----- Extracted entries -----
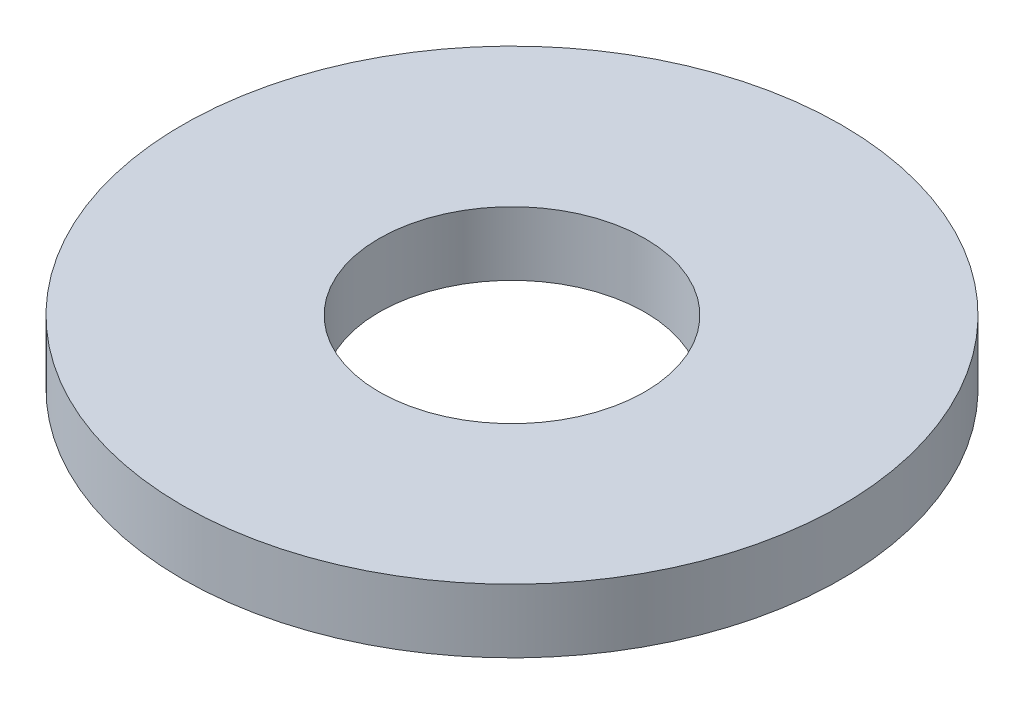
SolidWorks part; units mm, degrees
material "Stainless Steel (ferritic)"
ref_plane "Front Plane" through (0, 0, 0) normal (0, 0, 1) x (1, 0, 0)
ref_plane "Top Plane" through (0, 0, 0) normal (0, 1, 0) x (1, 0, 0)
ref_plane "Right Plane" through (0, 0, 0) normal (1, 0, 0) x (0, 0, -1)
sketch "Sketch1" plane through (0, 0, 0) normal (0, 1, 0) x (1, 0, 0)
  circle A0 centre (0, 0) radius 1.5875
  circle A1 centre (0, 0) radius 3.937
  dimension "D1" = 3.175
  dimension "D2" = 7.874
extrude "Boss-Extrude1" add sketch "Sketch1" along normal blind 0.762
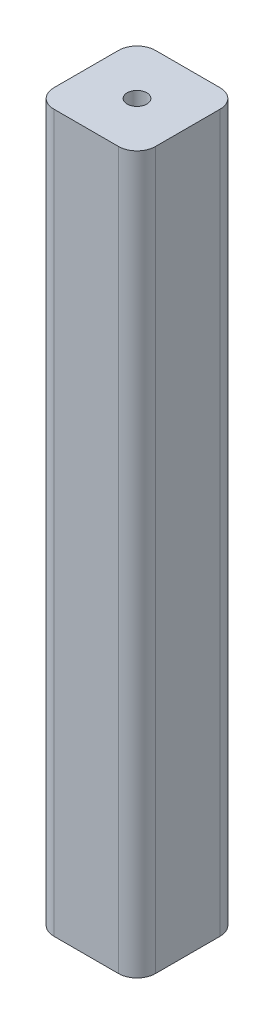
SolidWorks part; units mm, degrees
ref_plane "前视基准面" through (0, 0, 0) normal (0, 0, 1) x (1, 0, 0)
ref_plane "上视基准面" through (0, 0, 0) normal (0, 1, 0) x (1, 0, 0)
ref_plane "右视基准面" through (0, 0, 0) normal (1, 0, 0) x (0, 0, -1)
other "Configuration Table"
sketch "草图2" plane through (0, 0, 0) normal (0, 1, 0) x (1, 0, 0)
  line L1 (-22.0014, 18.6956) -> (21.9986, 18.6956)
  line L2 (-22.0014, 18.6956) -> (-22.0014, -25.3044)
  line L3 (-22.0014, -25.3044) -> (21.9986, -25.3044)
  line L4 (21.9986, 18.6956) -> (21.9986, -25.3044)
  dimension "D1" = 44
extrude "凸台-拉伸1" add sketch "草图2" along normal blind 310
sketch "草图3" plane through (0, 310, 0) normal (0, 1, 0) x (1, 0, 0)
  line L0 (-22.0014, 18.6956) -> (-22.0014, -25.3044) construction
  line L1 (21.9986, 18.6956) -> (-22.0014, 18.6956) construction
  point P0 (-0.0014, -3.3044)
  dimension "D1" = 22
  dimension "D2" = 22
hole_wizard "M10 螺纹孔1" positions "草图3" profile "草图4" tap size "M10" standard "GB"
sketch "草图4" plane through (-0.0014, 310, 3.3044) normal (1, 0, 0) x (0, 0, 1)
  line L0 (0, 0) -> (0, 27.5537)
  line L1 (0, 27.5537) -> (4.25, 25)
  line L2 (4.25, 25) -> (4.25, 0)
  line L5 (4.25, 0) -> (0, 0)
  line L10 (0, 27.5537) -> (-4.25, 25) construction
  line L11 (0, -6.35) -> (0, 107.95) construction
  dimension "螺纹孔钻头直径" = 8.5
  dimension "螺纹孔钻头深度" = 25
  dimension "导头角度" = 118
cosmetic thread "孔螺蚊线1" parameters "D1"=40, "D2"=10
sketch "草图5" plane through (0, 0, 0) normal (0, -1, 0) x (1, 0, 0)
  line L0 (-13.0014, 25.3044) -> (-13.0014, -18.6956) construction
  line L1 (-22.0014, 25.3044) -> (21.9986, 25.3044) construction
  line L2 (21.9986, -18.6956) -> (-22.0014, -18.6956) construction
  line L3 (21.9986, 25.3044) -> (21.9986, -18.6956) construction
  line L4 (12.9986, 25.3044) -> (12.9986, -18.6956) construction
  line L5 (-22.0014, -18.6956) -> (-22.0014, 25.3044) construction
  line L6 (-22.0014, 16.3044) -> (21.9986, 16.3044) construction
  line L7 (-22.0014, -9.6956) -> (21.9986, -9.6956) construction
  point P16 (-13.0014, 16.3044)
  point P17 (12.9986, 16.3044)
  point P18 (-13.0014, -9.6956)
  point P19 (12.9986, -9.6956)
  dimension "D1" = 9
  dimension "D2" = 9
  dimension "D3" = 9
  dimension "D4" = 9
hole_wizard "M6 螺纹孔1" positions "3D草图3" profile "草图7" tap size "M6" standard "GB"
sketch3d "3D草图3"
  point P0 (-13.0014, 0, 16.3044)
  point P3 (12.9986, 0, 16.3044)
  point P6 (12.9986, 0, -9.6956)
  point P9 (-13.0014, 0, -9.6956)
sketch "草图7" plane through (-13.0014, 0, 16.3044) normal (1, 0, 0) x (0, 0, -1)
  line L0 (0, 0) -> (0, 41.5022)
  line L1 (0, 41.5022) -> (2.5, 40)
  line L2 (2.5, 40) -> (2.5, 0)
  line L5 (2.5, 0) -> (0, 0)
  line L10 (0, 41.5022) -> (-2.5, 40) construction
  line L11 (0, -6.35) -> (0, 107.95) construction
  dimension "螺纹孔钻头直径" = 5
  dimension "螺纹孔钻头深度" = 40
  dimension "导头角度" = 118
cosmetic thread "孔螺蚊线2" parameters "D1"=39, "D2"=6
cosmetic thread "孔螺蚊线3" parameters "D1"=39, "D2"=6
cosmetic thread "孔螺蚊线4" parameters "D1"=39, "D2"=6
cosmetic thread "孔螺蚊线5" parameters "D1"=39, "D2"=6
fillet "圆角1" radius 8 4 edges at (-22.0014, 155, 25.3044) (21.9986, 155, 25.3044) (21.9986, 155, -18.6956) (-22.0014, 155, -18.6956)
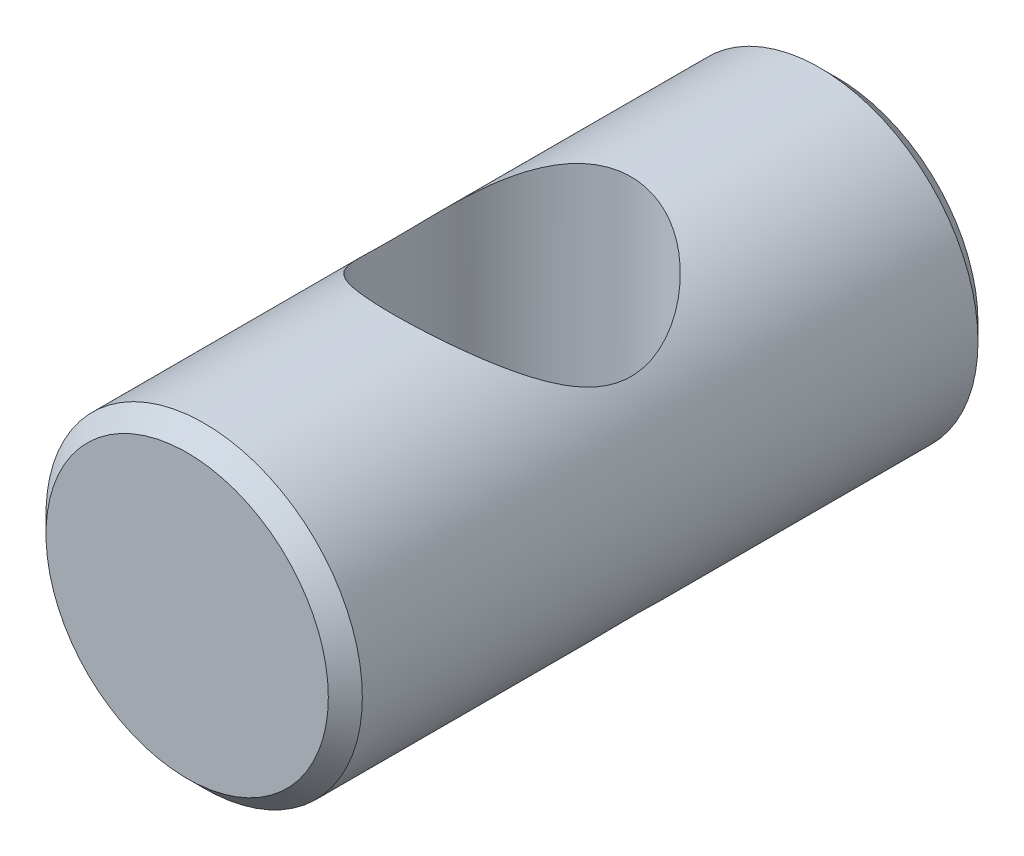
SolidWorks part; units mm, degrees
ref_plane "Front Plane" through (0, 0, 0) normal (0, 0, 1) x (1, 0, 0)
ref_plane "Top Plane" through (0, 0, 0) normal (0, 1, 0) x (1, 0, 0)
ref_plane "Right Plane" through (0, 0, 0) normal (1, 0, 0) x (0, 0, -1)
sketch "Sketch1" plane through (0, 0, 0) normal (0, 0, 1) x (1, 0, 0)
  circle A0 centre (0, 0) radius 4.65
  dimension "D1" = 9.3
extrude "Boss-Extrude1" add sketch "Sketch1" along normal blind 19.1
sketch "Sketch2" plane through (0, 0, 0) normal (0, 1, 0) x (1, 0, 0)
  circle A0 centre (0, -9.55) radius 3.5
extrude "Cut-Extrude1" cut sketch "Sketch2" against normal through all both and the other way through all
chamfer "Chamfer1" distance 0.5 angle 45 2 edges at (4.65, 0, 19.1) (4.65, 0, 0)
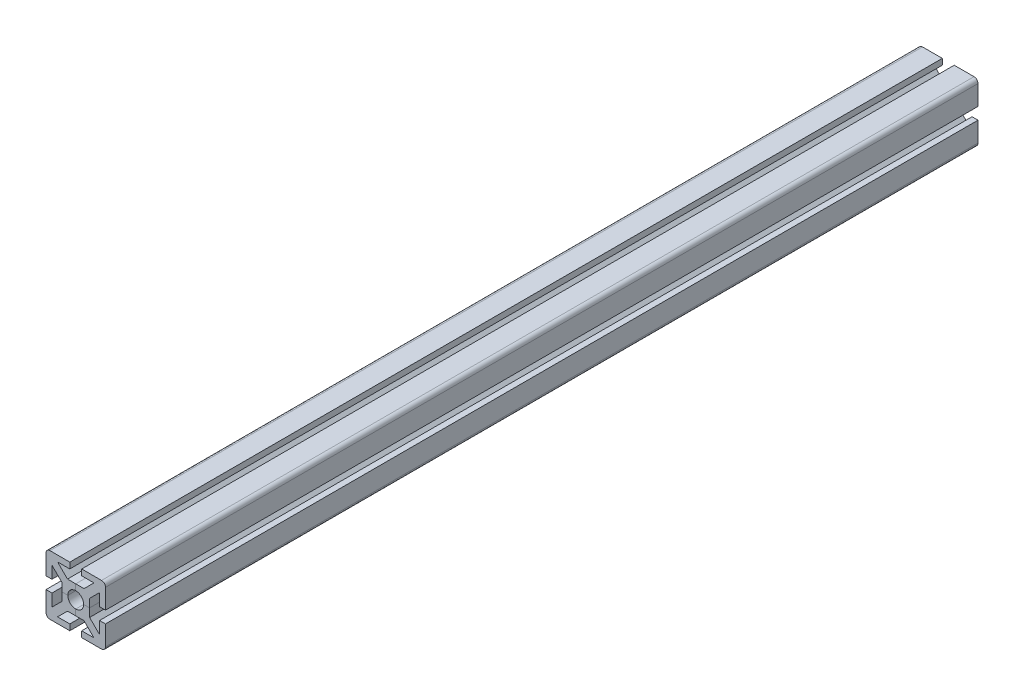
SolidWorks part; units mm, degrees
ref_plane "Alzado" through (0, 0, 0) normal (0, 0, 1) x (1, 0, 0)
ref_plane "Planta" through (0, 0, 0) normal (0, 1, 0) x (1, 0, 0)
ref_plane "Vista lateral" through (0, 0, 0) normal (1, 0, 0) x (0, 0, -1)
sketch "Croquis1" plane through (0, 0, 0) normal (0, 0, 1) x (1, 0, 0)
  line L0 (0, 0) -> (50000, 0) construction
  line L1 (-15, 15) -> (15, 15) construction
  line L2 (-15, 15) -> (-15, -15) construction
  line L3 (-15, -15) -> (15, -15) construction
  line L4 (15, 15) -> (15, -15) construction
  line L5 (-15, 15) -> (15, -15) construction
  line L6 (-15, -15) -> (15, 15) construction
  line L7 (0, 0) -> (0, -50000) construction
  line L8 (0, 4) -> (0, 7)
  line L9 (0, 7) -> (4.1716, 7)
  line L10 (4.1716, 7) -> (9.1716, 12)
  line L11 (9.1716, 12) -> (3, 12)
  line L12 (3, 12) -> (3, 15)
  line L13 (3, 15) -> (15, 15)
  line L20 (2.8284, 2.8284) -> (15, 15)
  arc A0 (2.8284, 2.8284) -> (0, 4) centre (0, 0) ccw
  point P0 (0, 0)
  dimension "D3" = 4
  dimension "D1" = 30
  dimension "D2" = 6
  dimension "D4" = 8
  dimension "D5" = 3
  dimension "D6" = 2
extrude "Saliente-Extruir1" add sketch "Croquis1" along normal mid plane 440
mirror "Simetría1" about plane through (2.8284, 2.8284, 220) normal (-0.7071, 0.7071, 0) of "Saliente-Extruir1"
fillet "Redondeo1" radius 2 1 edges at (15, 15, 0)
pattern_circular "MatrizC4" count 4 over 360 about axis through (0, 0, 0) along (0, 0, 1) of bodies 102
-----
**Task requirements**. Within the data above, the lines from the one with "line L10 (0, 27.5537)" to the one with "line L4 (12.9986, 25.3044)" must be repeated exactly; no other line belongs in the answer.

**Response area**.
  line L10 (0, 27.5537) -> (-4.25, 25) construction
  line L11 (0, -6.35) -> (0, 107.95) construction
  dimension "螺纹孔钻头直径" = 8.5
  dimension "螺纹孔钻头深度" = 25
  dimension "导头角度" = 118
cosmetic thread "孔螺蚊线1" parameters "D1"=40, "D2"=10
sketch "草图5" plane through (0, 0, 0) normal (0, -1, 0) x (1, 0, 0)
  line L0 (-13.0014, 25.3044) -> (-13.0014, -18.6956) construction
  line L1 (-22.0014, 25.3044) -> (21.9986, 25.3044) construction
  line L2 (21.9986, -18.6956) -> (-22.0014, -18.6956) construction
  line L3 (21.9986, 25.3044) -> (21.9986, -18.6956) construction
  line L4 (12.9986, 25.3044) -> (12.9986, -18.6956) construction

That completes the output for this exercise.